Given data >>
- Opening Delimiter -

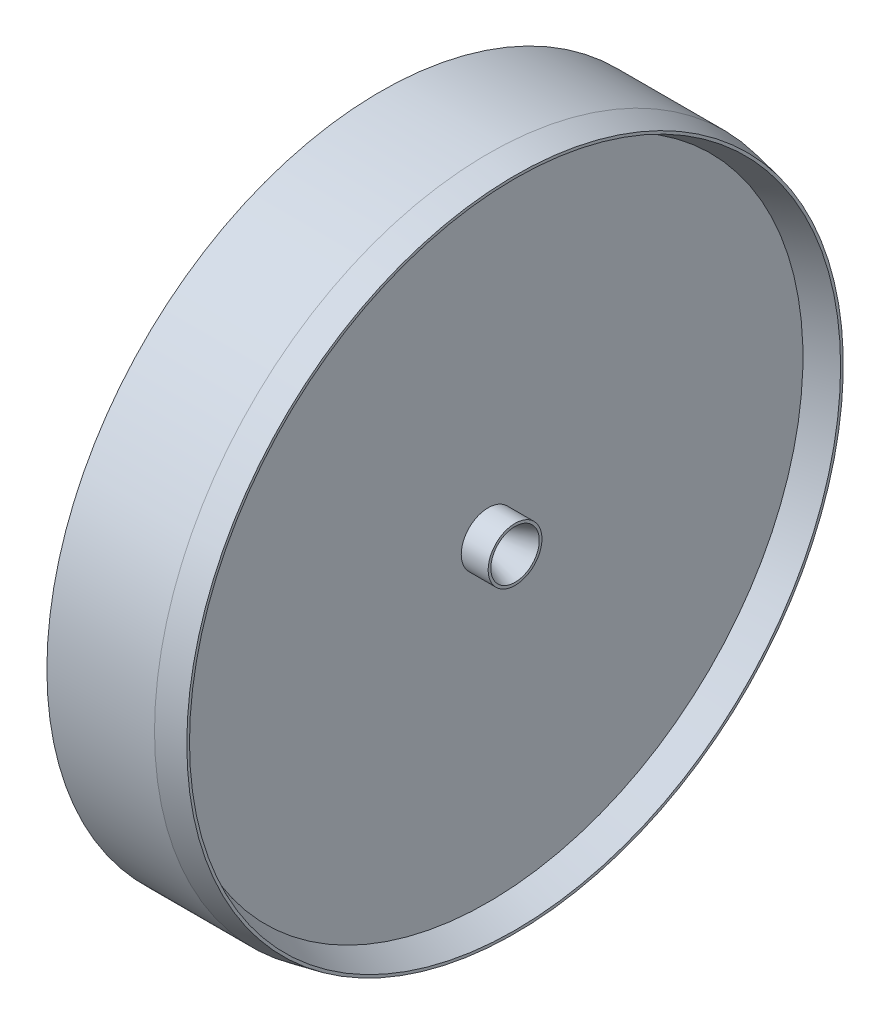
SolidWorks part; units mm, degrees
ref_plane "Płaszczyzna przednia" through (0, 0, 0) normal (0, 0, 1) x (1, 0, 0)
ref_plane "Płaszczyzna górna" through (0, 0, 0) normal (0, 1, 0) x (1, 0, 0)
ref_plane "Płaszczyzna prawa" through (0, 0, 0) normal (1, 0, 0) x (0, 0, -1)
sketch "Szkic1" plane through (0, 0, 0) normal (0, 0, 1) x (1, 0, 0)
  line L0 (0, 12.4) -> (0, 0)
  line L1 (0, 0) -> (4, 0)
  line L2 (4, 0) -> (4, 0.5)
  line L3 (4, 0.5) -> (5, 0.9)
  line L4 (5, 0.9) -> (5, 1)
  line L5 (5, 1) -> (4, 1)
  line L6 (4, 1) -> (4, 11.7)
  line L7 (4, 11.7) -> (5, 12.1)
  line L8 (5, 12.1) -> (5, 12.2)
  line L9 (5, 12.2) -> (4, 12.4)
  line L10 (4, 12.4) -> (0, 12.4)
  point P0 (20, 11.7868)
  point P9 (0, 38.9382)
  dimension "D1" = 12.4
  dimension "D2" = 4
  dimension "D3" = 1
  dimension "D4" = 0.1
  dimension "D5" = 12.2
  dimension "D6" = 1
  dimension "D7" = 0.5
revolve "Obrót1" add sketch "Szkic1" angle 360 about L1

- Closing Delimiter -

What needs to be done >> Only the pictures are to be excluded; all other parts of the records above are to be given exactly.

Output >>
SolidWorks part; units mm, degrees
ref_plane "Płaszczyzna przednia" through (0, 0, 0) normal (0, 0, 1) x (1, 0, 0)
ref_plane "Płaszczyzna górna" through (0, 0, 0) normal (0, 1, 0) x (1, 0, 0)
ref_plane "Płaszczyzna prawa" through (0, 0, 0) normal (1, 0, 0) x (0, 0, -1)
sketch "Szkic1" plane through (0, 0, 0) normal (0, 0, 1) x (1, 0, 0)
  line L0 (0, 12.4) -> (0, 0)
  line L1 (0, 0) -> (4, 0)
  line L2 (4, 0) -> (4, 0.5)
  line L3 (4, 0.5) -> (5, 0.9)
  line L4 (5, 0.9) -> (5, 1)
  line L5 (5, 1) -> (4, 1)
  line L6 (4, 1) -> (4, 11.7)
  line L7 (4, 11.7) -> (5, 12.1)
  line L8 (5, 12.1) -> (5, 12.2)
  line L9 (5, 12.2) -> (4, 12.4)
  line L10 (4, 12.4) -> (0, 12.4)
  point P0 (20, 11.7868)
  point P9 (0, 38.9382)
  dimension "D1" = 12.4
  dimension "D2" = 4
  dimension "D3" = 1
  dimension "D4" = 0.1
  dimension "D5" = 12.2
  dimension "D6" = 1
  dimension "D7" = 0.5
revolve "Obrót1" add sketch "Szkic1" angle 360 about L1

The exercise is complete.